● WHAT THIS TASK INVOLVES
Could you find every line in the entries below that holds the word "blocks" and copy it?

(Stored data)
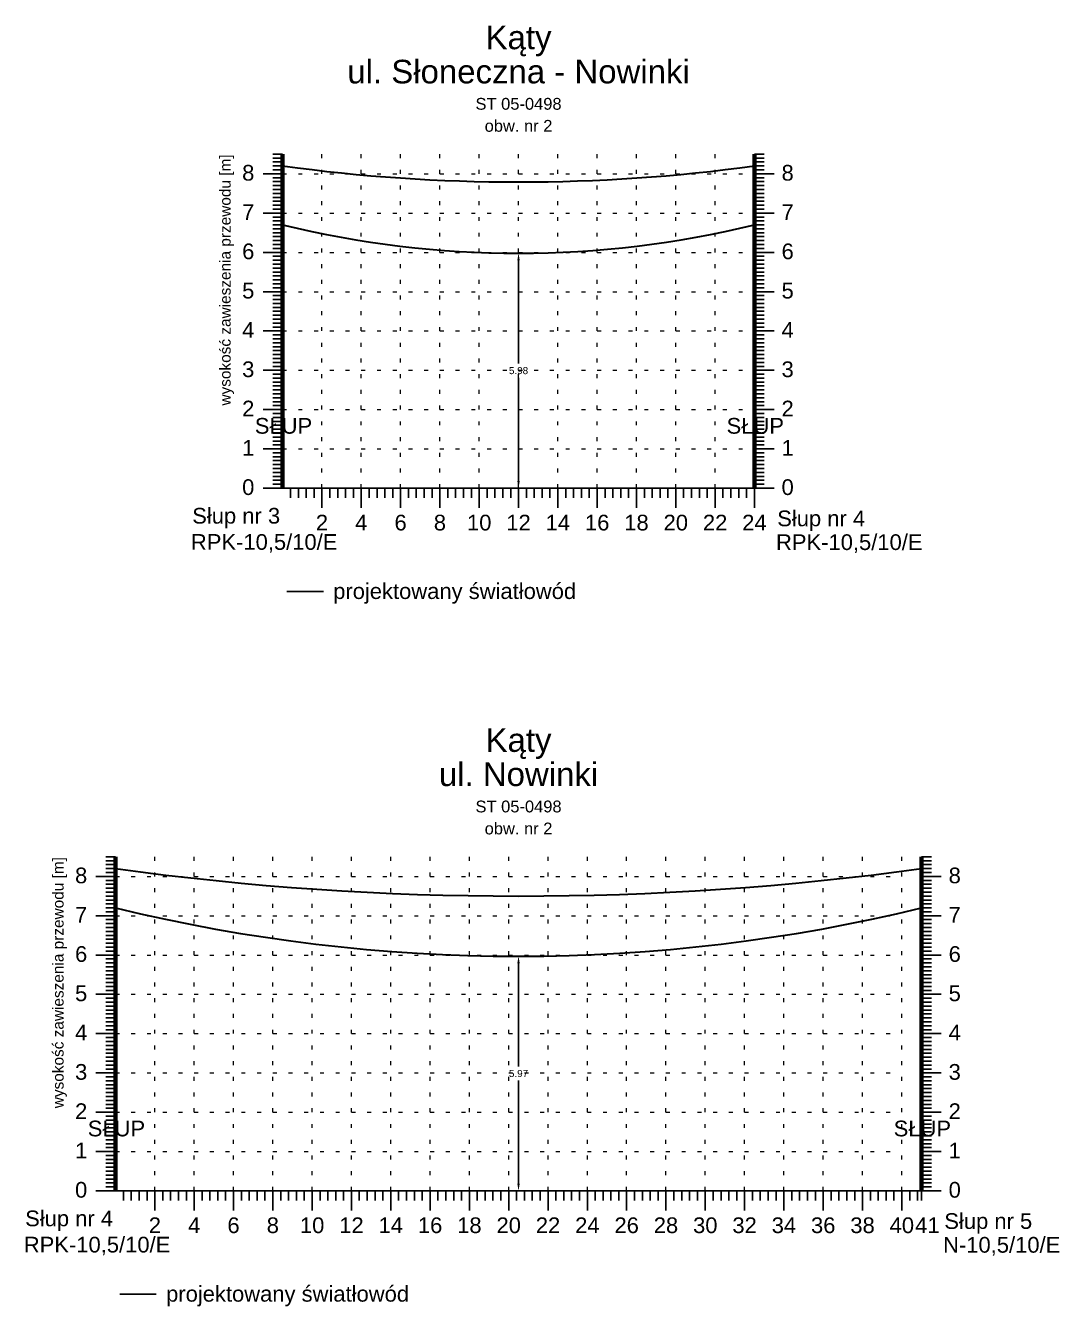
# Model space of a CAD drawing. Header units: inches. Extents: x -871 to 330, y 1326 to 1364.
# Drawn here: x -85.12 to -58.83, y 1330.21 to 1362.8 of the extents above; entities that cross this region are included whole.
import ezdxf
from ezdxf.enums import TextEntityAlignment as Align

# ---------------------------------------------------------------- set-up
doc = ezdxf.new("R2010")
doc.units = ezdxf.units.IN
doc.header["$MEASUREMENT"] = 0
doc.linetypes.add('ACAD_ISO07W100', pattern=[3, 0, -3])
doc.layers.add('ramka', color=7, linetype='Continuous', plot=False)
doc.styles.get("Standard").update_dxf_attribs({"font": 'arial.ttf'})
doc.dimstyles.get("Standard").update_dxf_attribs({"dimtxt": 0.25, "dimasz": 0.18, "dimexe": 0.18, "dimexo": 0.0625, "dimgap": -0.09, "dimtad": 0, "dimtih": 1, "dimtoh": 1, "dimzin": 0, "dimdsep": 46, "dimtxsty": 'Standard', "dimcen": 0.09, "dimadec": 0, "dimazin": 0, "dimtfac": 1, "dimtofl": 0, "dimtmove": 0, "dimatfit": 3, "dimfxl": 1, "dimtolj": 1, "dimtzin": 0, "dimarcsym": 0})

# ---------------------------------------------------------------- blocks, each defined once
blk = doc.blocks.new('*D15')
at = {"color": 0, "lineweight": -2}
for p, q in [((-72.586, 1356.83), (-72.586, 1354.2)), ((-72.531, 1357.01), (-72.406, 1357.01)), ((-72.586, 1351.21), (-72.586, 1353.84)), ((-72.681, 1351.03), (-72.406, 1351.03))]:
    blk.add_line(p, q, dxfattribs=at)
at = {"color": 0}
for points in [[(-72.556, 1356.83), (-72.616, 1356.83), (-72.586, 1357.01)], [(-72.556, 1351.21), (-72.616, 1351.21), (-72.586, 1351.03)]]:
    blk.add_solid(points, dxfattribs=at)
at = {"layer": 'Defpoints', "color": 0}
for p in [(-72.594, 1357.01), (-72.744, 1351.03), (-72.586, 1351.03)]:
    blk.add_point(p, dxfattribs=at)
at = {"color": 0, "lineweight": 25, "insert": (-72.586, 1354.02), "char_height": 0.18, "attachment_point": 5}
blk.add_mtext('\\A1;5.98', dxfattribs=at)
blk = doc.blocks.new('*D16')
at = {"color": 0, "lineweight": -2}
for p, q in [((-72.586, 1338.94), (-72.586, 1336.315)), ((-72.531, 1339.12), (-72.406, 1339.12)), ((-72.586, 1333.33), (-72.586, 1335.955)), ((-72.681, 1333.15), (-72.406, 1333.15))]:
    blk.add_line(p, q, dxfattribs=at)
at = {"color": 0}
for points in [[(-72.556, 1338.94), (-72.616, 1338.94), (-72.586, 1339.12)], [(-72.556, 1333.33), (-72.616, 1333.33), (-72.586, 1333.15)]]:
    blk.add_solid(points, dxfattribs=at)
at = {"layer": 'Defpoints', "color": 0}
for p in [(-72.594, 1339.12), (-72.744, 1333.15), (-72.586, 1333.15)]:
    blk.add_point(p, dxfattribs=at)
at = {"color": 0, "lineweight": 25, "insert": (-72.586, 1336.135), "char_height": 0.18, "attachment_point": 5}
blk.add_mtext('\\A1;5.97', dxfattribs=at)

msp = doc.modelspace()

# ---------------------------------------------------------------- linework, layer by layer
for p, q in [((-78.586, 1359.53), (-78.836, 1359.53)), ((-78.586, 1359.43), (-78.836, 1359.43)), ((-78.586, 1359.53), (-78.586, 1351.03)), ((-66.586, 1359.53), (-66.586, 1351.03)), ((-66.586, 1359.53), (-66.336, 1359.53)), ((-66.586, 1359.43), (-66.336, 1359.43)), ((-78.586, 1359.33), (-78.836, 1359.33)), ((-78.586, 1359.23), (-78.836, 1359.23)), ((-78.586, 1359.13), (-78.836, 1359.13)), ((-66.586, 1359.33), (-66.336, 1359.33)), ((-66.586, 1359.23), (-66.336, 1359.23)), ((-66.586, 1359.13), (-66.336, 1359.13)), ((-78.586, 1359.03), (-79.086, 1359.03)), ((-78.586, 1358.93), (-78.836, 1358.93)), ((-78.586, 1358.83), (-78.836, 1358.83)), ((-78.586, 1358.73), (-78.836, 1358.73)), ((-66.586, 1359.03), (-66.086, 1359.03)), ((-66.586, 1358.93), (-66.336, 1358.93)), ((-66.586, 1358.83), (-66.336, 1358.83)), ((-66.586, 1358.73), (-66.336, 1358.73)), ((-78.586, 1358.63), (-78.836, 1358.63)), ((-78.586, 1358.53), (-78.836, 1358.53)), ((-78.586, 1358.43), (-78.836, 1358.43)), ((-66.586, 1358.63), (-66.336, 1358.63)), ((-66.586, 1358.53), (-66.336, 1358.53)), ((-66.586, 1358.43), (-66.336, 1358.43)), ((-78.586, 1358.33), (-78.836, 1358.33)), ((-78.586, 1358.23), (-78.836, 1358.23)), ((-78.586, 1358.13), (-78.836, 1358.13)), ((-66.586, 1358.33), (-66.336, 1358.33)), ((-66.586, 1358.23), (-66.336, 1358.23)), ((-66.586, 1358.13), (-66.336, 1358.13)), ((-78.586, 1358.03), (-79.086, 1358.03)), ((-78.586, 1357.93), (-78.836, 1357.93)), ((-78.586, 1357.83), (-78.836, 1357.83)), ((-78.586, 1357.73), (-78.836, 1357.73)), ((-66.586, 1358.03), (-66.086, 1358.03)), ((-66.586, 1357.93), (-66.336, 1357.93)), ((-66.586, 1357.83), (-66.336, 1357.83)), ((-66.586, 1357.73), (-66.336, 1357.73)), ((-78.586, 1357.63), (-78.836, 1357.63)), ((-78.586, 1357.53), (-78.836, 1357.53)), ((-78.586, 1357.43), (-78.836, 1357.43)), ((-66.586, 1357.63), (-66.336, 1357.63)), ((-66.586, 1357.53), (-66.336, 1357.53)), ((-66.586, 1357.43), (-66.336, 1357.43)), ((-78.586, 1357.33), (-78.836, 1357.33)), ((-78.586, 1357.23), (-78.836, 1357.23)), ((-78.586, 1357.13), (-78.836, 1357.13)), ((-66.586, 1357.33), (-66.336, 1357.33)), ((-66.586, 1357.23), (-66.336, 1357.23)), ((-66.586, 1357.13), (-66.336, 1357.13)), ((-78.586, 1357.03), (-79.086, 1357.03)), ((-78.586, 1356.93), (-78.836, 1356.93)), ((-78.586, 1356.83), (-78.836, 1356.83)), ((-66.586, 1357.03), (-66.086, 1357.03)), ((-66.586, 1356.93), (-66.336, 1356.93)), ((-66.586, 1356.83), (-66.336, 1356.83)), ((-78.586, 1356.73), (-78.836, 1356.73)), ((-78.586, 1356.63), (-78.836, 1356.63)), ((-78.586, 1356.53), (-78.836, 1356.53)), ((-78.586, 1356.43), (-78.836, 1356.43)), ((-66.586, 1356.73), (-66.336, 1356.73)), ((-66.586, 1356.63), (-66.336, 1356.63)), ((-66.586, 1356.53), (-66.336, 1356.53)), ((-66.586, 1356.43), (-66.336, 1356.43)), ((-78.586, 1356.33), (-78.836, 1356.33)), ((-78.586, 1356.23), (-78.836, 1356.23)), ((-78.586, 1356.13), (-78.836, 1356.13)), ((-66.586, 1356.33), (-66.336, 1356.33)), ((-66.586, 1356.23), (-66.336, 1356.23)), ((-66.586, 1356.13), (-66.336, 1356.13)), ((-78.586, 1356.03), (-79.086, 1356.03)), ((-78.586, 1355.93), (-78.836, 1355.93)), ((-78.586, 1355.83), (-78.836, 1355.83)), ((-66.586, 1356.03), (-66.086, 1356.03)), ((-66.586, 1355.93), (-66.336, 1355.93)), ((-66.586, 1355.83), (-66.336, 1355.83)), ((-78.586, 1355.73), (-78.836, 1355.73)), ((-78.586, 1355.63), (-78.836, 1355.63)), ((-78.586, 1355.53), (-78.836, 1355.53)), ((-66.586, 1355.73), (-66.336, 1355.73)), ((-66.586, 1355.63), (-66.336, 1355.63)), ((-66.586, 1355.53), (-66.336, 1355.53)), ((-78.586, 1355.43), (-78.836, 1355.43)), ((-78.586, 1355.33), (-78.836, 1355.33)), ((-78.586, 1355.23), (-78.836, 1355.23)), ((-78.586, 1355.13), (-78.836, 1355.13)), ((-66.586, 1355.43), (-66.336, 1355.43)), ((-66.586, 1355.33), (-66.336, 1355.33)), ((-66.586, 1355.23), (-66.336, 1355.23)), ((-66.586, 1355.13), (-66.336, 1355.13)), ((-78.586, 1355.03), (-79.086, 1355.03)), ((-78.586, 1354.93), (-78.836, 1354.93)), ((-78.586, 1354.83), (-78.836, 1354.83)), ((-66.586, 1355.03), (-66.086, 1355.03)), ((-66.586, 1354.93), (-66.336, 1354.93)), ((-66.586, 1354.83), (-66.336, 1354.83)), ((-78.586, 1354.73), (-78.836, 1354.73)), ((-78.586, 1354.63), (-78.836, 1354.63)), ((-78.586, 1354.53), (-78.836, 1354.53)), ((-66.586, 1354.73), (-66.336, 1354.73)), ((-66.586, 1354.63), (-66.336, 1354.63)), ((-66.586, 1354.53), (-66.336, 1354.53)), ((-78.586, 1354.43), (-78.836, 1354.43)), ((-78.586, 1354.33), (-78.836, 1354.33)), ((-78.586, 1354.23), (-78.836, 1354.23)), ((-66.586, 1354.43), (-66.336, 1354.43)), ((-66.586, 1354.33), (-66.336, 1354.33)), ((-66.586, 1354.23), (-66.336, 1354.23)), ((-78.586, 1354.03), (-79.086, 1354.03)), ((-78.586, 1354.13), (-78.836, 1354.13)), ((-78.586, 1353.93), (-78.836, 1353.93)), ((-78.586, 1353.83), (-78.836, 1353.83)), ((-66.586, 1354.13), (-66.336, 1354.13)), ((-66.586, 1354.03), (-66.086, 1354.03)), ((-66.586, 1353.93), (-66.336, 1353.93)), ((-66.586, 1353.83), (-66.336, 1353.83)), ((-78.586, 1353.73), (-78.836, 1353.73)), ((-78.586, 1353.63), (-78.836, 1353.63)), ((-78.586, 1353.53), (-78.836, 1353.53)), ((-66.586, 1353.73), (-66.336, 1353.73)), ((-66.586, 1353.63), (-66.336, 1353.63)), ((-66.586, 1353.53), (-66.336, 1353.53)), ((-78.586, 1353.43), (-78.836, 1353.43)), ((-78.586, 1353.33), (-78.836, 1353.33)), ((-78.586, 1353.23), (-78.836, 1353.23)), ((-66.586, 1353.43), (-66.336, 1353.43)), ((-66.586, 1353.33), (-66.336, 1353.33)), ((-66.586, 1353.23), (-66.336, 1353.23)), ((-78.586, 1353.03), (-79.086, 1353.03)), ((-78.586, 1353.13), (-78.836, 1353.13)), ((-78.586, 1352.93), (-78.836, 1352.93)), ((-66.586, 1353.13), (-66.336, 1353.13)), ((-66.586, 1353.03), (-66.086, 1353.03)), ((-66.586, 1352.93), (-66.336, 1352.93)), ((-78.586, 1352.83), (-78.836, 1352.83)), ((-78.586, 1352.73), (-78.836, 1352.73)), ((-78.586, 1352.63), (-78.836, 1352.63)), ((-78.586, 1352.53), (-78.836, 1352.53)), ((-66.586, 1352.83), (-66.336, 1352.83)), ((-66.586, 1352.73), (-66.336, 1352.73)), ((-66.586, 1352.63), (-66.336, 1352.63)), ((-66.586, 1352.53), (-66.336, 1352.53)), ((-78.586, 1352.43), (-78.836, 1352.43)), ((-78.586, 1352.33), (-78.836, 1352.33)), ((-78.586, 1352.23), (-78.836, 1352.23)), ((-66.586, 1352.43), (-66.336, 1352.43)), ((-66.586, 1352.33), (-66.336, 1352.33)), ((-66.586, 1352.23), (-66.336, 1352.23)), ((-78.586, 1352.03), (-79.086, 1352.03)), ((-78.586, 1352.13), (-78.836, 1352.13)), ((-78.586, 1351.93), (-78.836, 1351.93)), ((-66.586, 1352.13), (-66.336, 1352.13)), ((-66.586, 1352.03), (-66.086, 1352.03)), ((-66.586, 1351.93), (-66.336, 1351.93)), ((-78.586, 1351.83), (-78.836, 1351.83)), ((-78.586, 1351.73), (-78.836, 1351.73)), ((-78.586, 1351.63), (-78.836, 1351.63)), ((-66.586, 1351.83), (-66.336, 1351.83)), ((-66.586, 1351.73), (-66.336, 1351.73)), ((-66.586, 1351.63), (-66.336, 1351.63)), ((-78.586, 1351.53), (-78.836, 1351.53)), ((-78.586, 1351.43), (-78.836, 1351.43)), ((-78.586, 1351.33), (-78.836, 1351.33)), ((-78.586, 1351.23), (-78.836, 1351.23)), ((-66.586, 1351.53), (-66.336, 1351.53)), ((-66.586, 1351.43), (-66.336, 1351.43)), ((-66.586, 1351.33), (-66.336, 1351.33)), ((-66.586, 1351.23), (-66.336, 1351.23)), ((-78.586, 1351.03), (-79.086, 1351.03)), ((-78.586, 1351.13), (-78.836, 1351.13)), ((-78.586, 1351.03), (-66.586, 1351.03)), ((-78.386, 1351.03), (-78.386, 1350.78)), ((-78.186, 1351.03), (-78.186, 1350.78)), ((-77.986, 1351.03), (-77.986, 1350.78)), ((-77.786, 1351.03), (-77.786, 1350.78)), ((-77.586, 1351.03), (-77.586, 1350.53)), ((-77.386, 1351.03), (-77.386, 1350.78)), ((-77.186, 1351.03), (-77.186, 1350.78)), ((-76.986, 1351.03), (-76.986, 1350.78)), ((-76.786, 1351.03), (-76.786, 1350.78)), ((-76.586, 1351.03), (-76.586, 1350.53)), ((-76.386, 1351.03), (-76.386, 1350.78)), ((-76.186, 1351.03), (-76.186, 1350.78)), ((-75.986, 1351.03), (-75.986, 1350.78)), ((-75.786, 1351.03), (-75.786, 1350.78)), ((-75.586, 1351.03), (-75.586, 1350.53)), ((-75.386, 1351.03), (-75.386, 1350.78)), ((-75.186, 1351.03), (-75.186, 1350.78)), ((-74.986, 1351.03), (-74.986, 1350.78)), ((-74.786, 1351.03), (-74.786, 1350.78)), ((-74.586, 1351.03), (-74.586, 1350.53)), ((-74.386, 1351.03), (-74.386, 1350.78)), ((-74.186, 1351.03), (-74.186, 1350.78)), ((-73.986, 1351.03), (-73.986, 1350.78)), ((-73.786, 1351.03), (-73.786, 1350.78)), ((-73.586, 1351.03), (-73.586, 1350.53)), ((-73.386, 1351.03), (-73.386, 1350.78)), ((-73.186, 1351.03), (-73.186, 1350.78)), ((-72.986, 1351.03), (-72.986, 1350.78)), ((-72.786, 1351.03), (-72.786, 1350.78)), ((-72.586, 1351.03), (-72.586, 1350.53)), ((-72.386, 1351.03), (-72.386, 1350.78)), ((-72.186, 1351.03), (-72.186, 1350.78)), ((-71.986, 1351.03), (-71.986, 1350.78)), ((-71.786, 1351.03), (-71.786, 1350.78)), ((-71.586, 1351.03), (-71.586, 1350.53)), ((-71.386, 1351.03), (-71.386, 1350.78)), ((-71.186, 1351.03), (-71.186, 1350.78)), ((-70.986, 1351.03), (-70.986, 1350.78)), ((-70.786, 1351.03), (-70.786, 1350.78)), ((-70.586, 1351.03), (-70.586, 1350.53)), ((-70.386, 1351.03), (-70.386, 1350.78)), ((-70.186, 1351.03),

● FINISHED TASK
# ---------------------------------------------------------------- blocks, each defined once
blk = doc.blocks.new('*D15')
blk = doc.blocks.new('*D16')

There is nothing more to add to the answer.